For Endometriosis (Figure 2B), our findings indicated significant associations with amino acids such as creatinine and leucine, pointing to a potential influence on EMs risk (OR = 4.425, 95% CI: 1.281-15.287, p = 0.0187 for creatinine). Carbohydrates like mannose and energy metabolites such as acetylphosphate also demonstrated significant links to EMs. Among lipids, several metabolites including 1-eicosatrienoylglycerophosphocholine and 4-androsten-3beta,17beta-diol disulfate 1 showed associations with EMs risk, highlighting the complexity of lipid metabolism in EMs etiology. The analysis further identified significant associations with other lipid metabolites, emphasizing their potential regulatory roles in EMs.
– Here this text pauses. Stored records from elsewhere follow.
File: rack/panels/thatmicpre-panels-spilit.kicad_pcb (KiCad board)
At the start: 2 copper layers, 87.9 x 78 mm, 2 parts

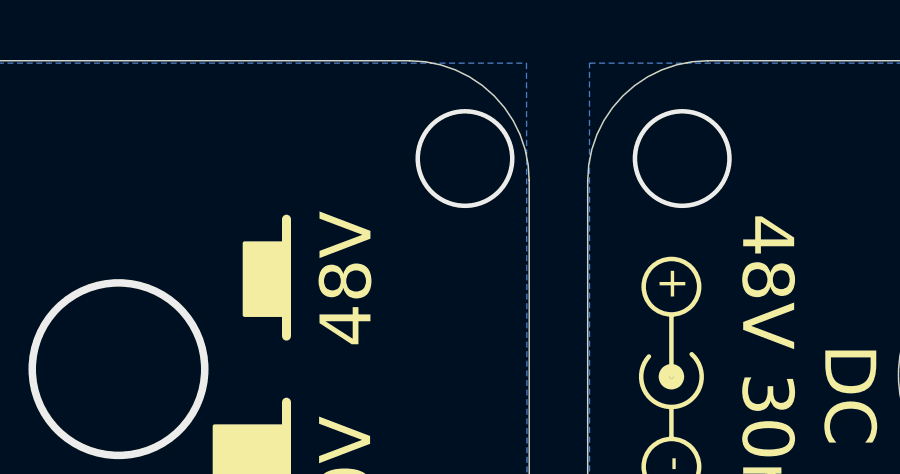
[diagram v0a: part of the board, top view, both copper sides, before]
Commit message: Fixed the issue where one hole on the front panel was offset by 1mm from its correct position.
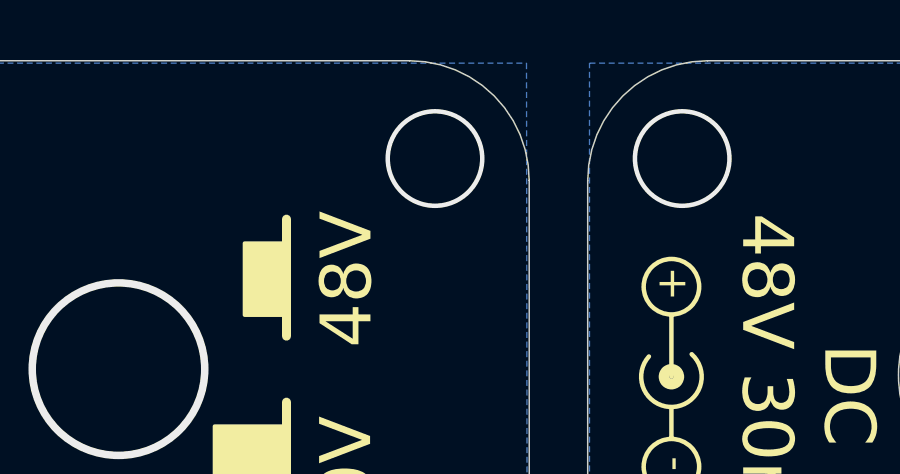
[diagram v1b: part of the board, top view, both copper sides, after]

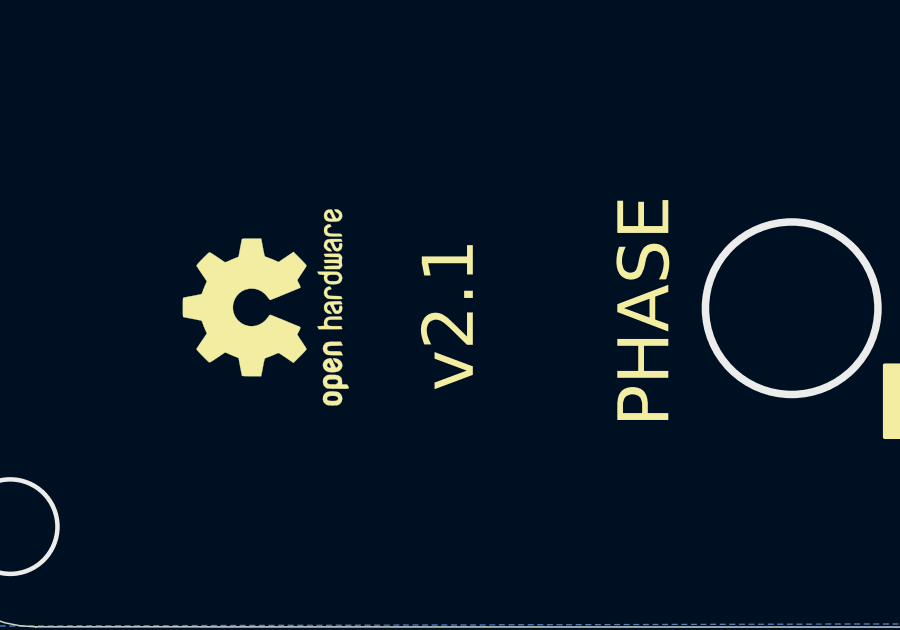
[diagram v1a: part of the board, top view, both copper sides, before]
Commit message: Added a pad on the front panel for connecting GND to the enclosure.
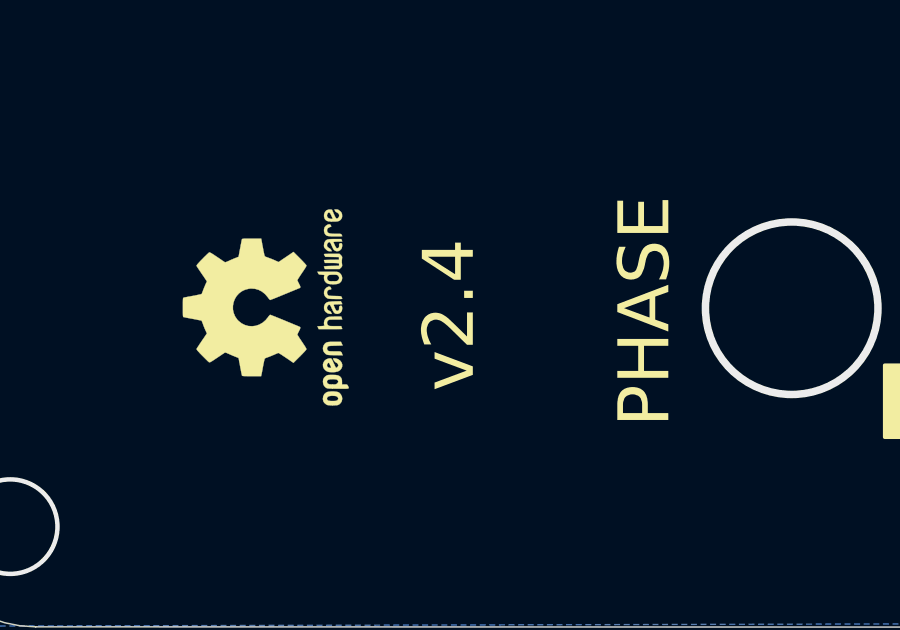
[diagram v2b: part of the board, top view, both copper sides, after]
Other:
- board text added: "v2.4"
- board text removed: "v2.1"
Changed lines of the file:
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@@
 		(embedded_fonts no)
+	)
+	(gr_rect
+		(start 134.05 108.7)
+		(end 138.05 112.7)
+		(stroke
+			(width 0.2)
+			(type solid)
+		)
+		(fill yes)
+		(layers "B.Cu" "B.Mask")
+		(net "GND")
 	)
 	(gr_circle
@@
 		)
 	)
-	(gr_text "v2.1"
+	(gr_text "v2.4"
 		(at 120.4722 122.0216 90)
 		(layer "F.SilkS")

In the context of FI (Figure 2C), isovalerylcarnitine, an amino acid, was inversely associated with FI (OR = 0.574, 95% CI: 0.394-0.836, p = 0.0038), suggesting a protective role against insulin resistance. Carbohydrates and lipids also displayed significant associations with FI levels. Specifically, glucose showed an inverse relationship, while various lipid metabolites such as 1-arachidonoylglycerophosphoinositol and docosapentaenoate were linked to FI alterations, indicating their importance in insulin metabolism and sensitivity. Additionally, nucleotides and peptides demonstrated significant associations, further underscoring the multifaceted nature of genetic influences on FI levels.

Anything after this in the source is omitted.